• **PROVIDED DATA**
+---+

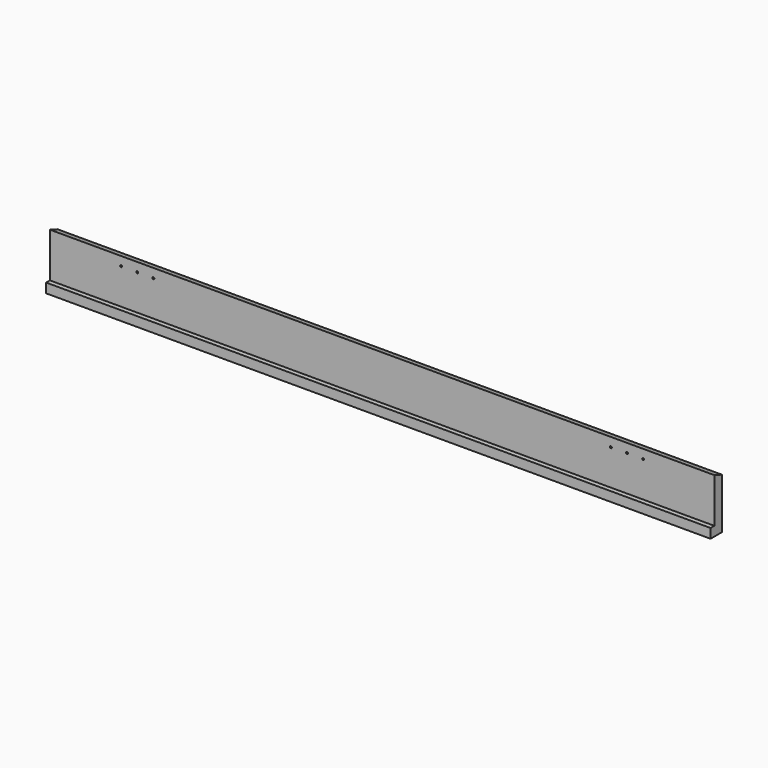
from build123d import *

# Parameters (mm, degrees)
F1_DEPTH = 70
F2_SIZE2 = 0.36396
F2_SIZE  = 0.99999
F4_D     = 0.2
F4_DEPTH = 0.9
F4_TIP   = 0.0600860619


# Not quite as in the source:
# - a fillet or chamfer is up to 0.001 mm smaller than in the source, because OpenCascade refuses the exact size


with BuildPart() as f1:
    # F0 (on Right) → F1 (new body)
    with BuildSketch(Plane.YZ):
        Polygon((-39.5598503354, -13.8284793004), (-40.5598503354, -13.8284793004), (-40.5598503354, -18.5284793004), (-41.0598503354, -18.5284793004), (-41.0598503354, -19.5284793004), (-39.5598503354, -19.5284793004), align=None)
    extrude(amount=-F1_DEPTH)

    # F2 (size 1 and 0.3639702343 in the source; OpenCascade refuses exactly that, so slightly less here)
    f2_edges = [f1.edges().sort_by_distance(p)[0] for p in [
        (-35, -39.55985, -13.828479),
    ]]
    f2_side = f1.faces().sort_by_distance((-35, -40.05985, -13.828479))[0]
    chamfer(f2_edges, length=F2_SIZE, length2=F2_SIZE2, reference=f2_side)

    # F4
    with Locations(Plane.XZ.offset(40.5598503354)):
        with Locations((-62.5, -14.7784793004), (-60.8, -14.7784793004), (-59.1, -14.7784793004), (-10.9, -14.7784793004), (-9.2, -14.7784793004), (-7.5, -14.7784793004)):
            Hole(F4_D / 2, depth=F4_DEPTH)
            with Locations((0, 0, -(F4_DEPTH + F4_TIP / 2))):  # 118° drill point
                Cone(0, F4_D / 2, F4_TIP, mode=Mode.SUBTRACT)


solid = f1.part
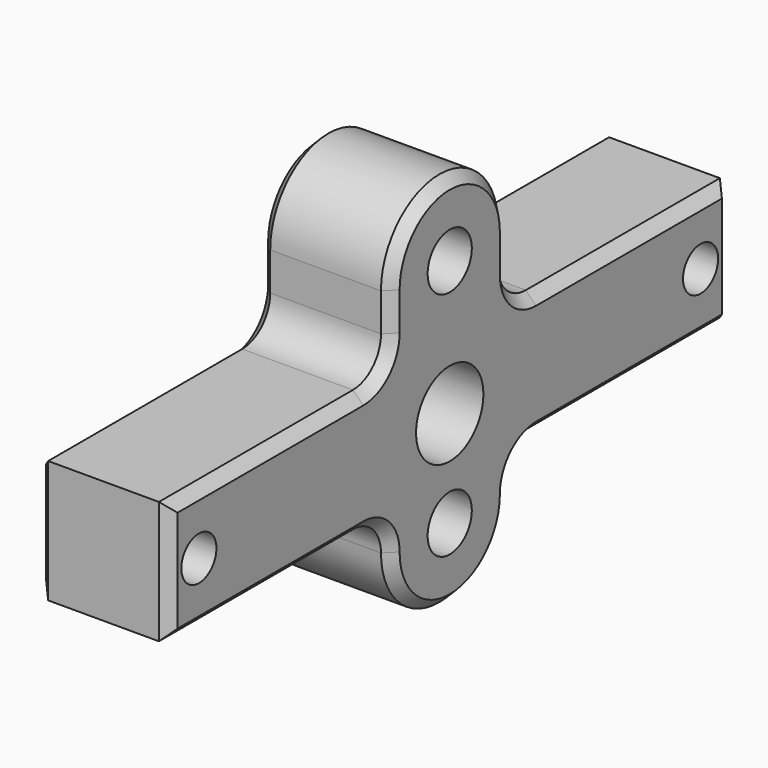
from build123d import *

# Parameters (mm, degrees)
F0_W     = 19.05
F0_H     = 17.78
F1_DEPTH = 50.8
F2_R     = 3.175
F2_R_2   = 6.0964456607
F3_DEPTH = 19.051
F4_R     = 4
F5_DEPTH = 19.05
F6_R     = 5.07999
F7_SIZE  = 1.5


# Not quite as in the source:
# - a fillet or chamfer is up to 0.001 mm smaller than in the source, because OpenCascade refuses the exact size


with BuildPart() as f1:
    # F0 (on Front) → F1 (new body, symmetric)
    with BuildSketch(Plane.XZ):
        Rectangle(F0_W, F0_H)
    extrude(amount=F1_DEPTH, both=True)

    # F2 (on face) → F3 (cut, through all)
    with BuildSketch(Plane.YZ.offset(9.525)):
        with Locations((-45.43298, 0)):
            Circle(F2_R)
        with Locations((45.43298, 0)):
            Circle(F2_R)
        Circle(F2_R_2)
    extrude(amount=-F3_DEPTH, mode=Mode.SUBTRACT)

    # F4 (on face) → F5 (join, through all)
    with BuildSketch(Plane.YZ.offset(9.525)):
        with BuildLine():
            Line((-10.5791, 19.4691), (-10.5791, 8.89))
            Line((-10.5791, 8.89), (10.5791, 8.89))
            Line((10.5791, 8.89), (10.5791, 19.4691))
            ThreePointArc((10.5791, 19.4691), (0, 30.0482), (-10.5791, 19.4691))
        make_face()
        with Locations((0, 19.4691)):
            Circle(F4_R, mode=Mode.SUBTRACT)
        with BuildLine():
            Line((-10.5791, -8.89), (-10.5791, -13.97))
            ThreePointArc((-10.5791, -13.97), (0, -24.5491), (10.5791, -13.97))
            Line((10.5791, -13.97), (10.5791, -8.89))
            Line((10.5791, -8.89), (-10.5791, -8.89))
        make_face()
        with Locations((0, -13.97)):
            Circle(F4_R, mode=Mode.SUBTRACT)
    extrude(amount=-F5_DEPTH)

    # F6 (radius 5.08 in the source; OpenCascade refuses exactly that, so slightly less here)
    f6_edges = [f1.edges().sort_by_distance(p)[0] for p in [
        (0, -10.5791, 8.89),
        (0, 10.5791, 8.89),
        (0, -10.5791, -8.89),
        (0, 10.5791, -8.89),
    ]]
    fillet(f6_edges, radius=F6_R)

    # F7
    f7_edges = [f1.edges().sort_by_distance(p)[0] for p in [
        (9.525, -33.229545, 8.89),
        (9.525, -33.229545, -8.89),
        (-9.525, -33.229545, 8.89),
        (-9.525, -33.229545, -8.89),
        (-9.525, -50.8, 0),
        (-9.525, 50.8, 0),
        (9.525, -50.8, 0),
        (9.525, 50.8, 0),
    ]]
    chamfer(f7_edges, length=F7_SIZE)


solid = f1.part
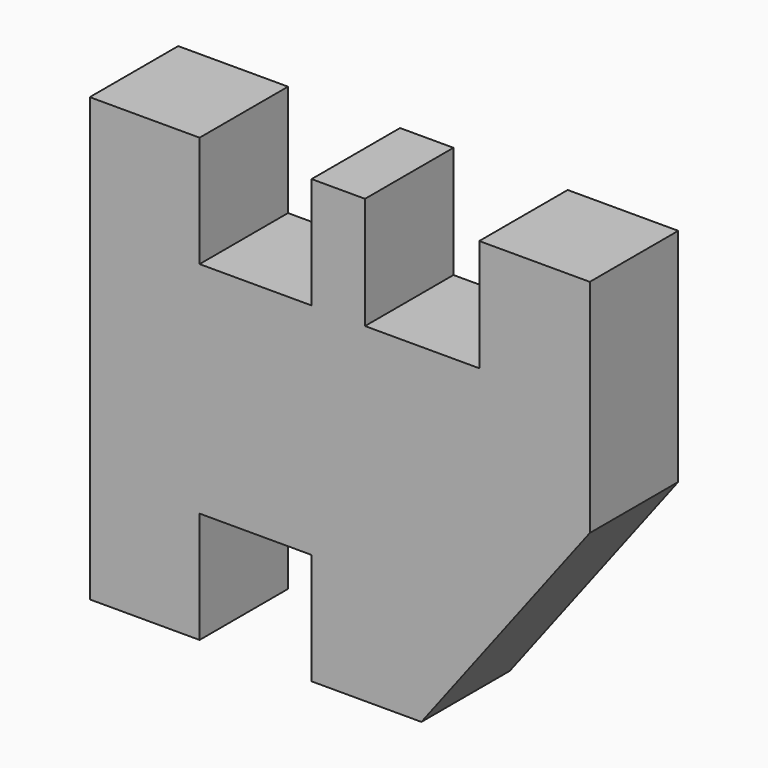
from build123d import *

# Parameters (mm, degrees)
F1_DEPTH = 3


# Not quite as in the source:
# - a feature names something its author has since deleted; it is built from what else it names


with BuildPart() as f1:
    # F0 (on Front) → F1 (new body)
    with BuildSketch(Plane.XZ):
        Polygon((1.52, 0), (4.5, 0), (9.07, 6), (9.07, 12), (6.07, 12), (6.07, 8.96), (2.97, 8.96), (2.97, 12), (1.52, 12), (1.52, 8.98), (-1.52, 8.98), (-1.52, 12), (-4.5, 12), (-4.5, 0), (-1.52, 0), (-1.52, 3.02), (1.52, 3.02), align=None)
    extrude(amount=F1_DEPTH)


solid = f1.part

+---+

• **PROBLEM**
Write out exactly the lines from the one containing "-24.5491), (10.5791, -13.97))" to the last line of the records above, both included, and leave out any pictures.

• **OUTPUT**
            ThreePointArc((-10.5791, -13.97), (0, -24.5491), (10.5791, -13.97))
            Line((10.5791, -13.97), (10.5791, -8.89))
            Line((10.5791, -8.89), (-10.5791, -8.89))
        make_face()
        with Locations((0, -13.97)):
            Circle(F4_R, mode=Mode.SUBTRACT)
    extrude(amount=-F5_DEPTH)

    # F6 (radius 5.08 in the source; OpenCascade refuses exactly that, so slightly less here)
    f6_edges = [f1.edges().sort_by_distance(p)[0] for p in [
        (0, -10.5791, 8.89),
        (0, 10.5791, 8.89),
        (0, -10.5791, -8.89),
        (0, 10.5791, -8.89),
    ]]
    fillet(f6_edges, radius=F6_R)

    # F7
    f7_edges = [f1.edges().sort_by_distance(p)[0] for p in [
        (9.525, -33.229545, 8.89),
        (9.525, -33.229545, -8.89),
        (-9.525, -33.229545, 8.89),
        (-9.525, -33.229545, -8.89),
        (-9.525, -50.8, 0),
        (-9.525, 50.8, 0),
        (9.525, -50.8, 0),
        (9.525, 50.8, 0),
    ]]
    chamfer(f7_edges, length=F7_SIZE)


solid = f1.part
from build123d import *

# Parameters (mm, degrees)
F1_DEPTH = 3


# Not quite as in the source:
# - a feature names something its author has since deleted; it is built from what else it names


with BuildPart() as f1:
    # F0 (on Front) → F1 (new body)
    with BuildSketch(Plane.XZ):
        Polygon((1.52, 0), (4.5, 0), (9.07, 6), (9.07, 12), (6.07, 12), (6.07, 8.96), (2.97, 8.96), (2.97, 12), (1.52, 12), (1.52, 8.98), (-1.52, 8.98), (-1.52, 12), (-4.5, 12), (-4.5, 0), (-1.52, 0), (-1.52, 3.02), (1.52, 3.02), align=None)
    extrude(amount=F1_DEPTH)


solid = f1.part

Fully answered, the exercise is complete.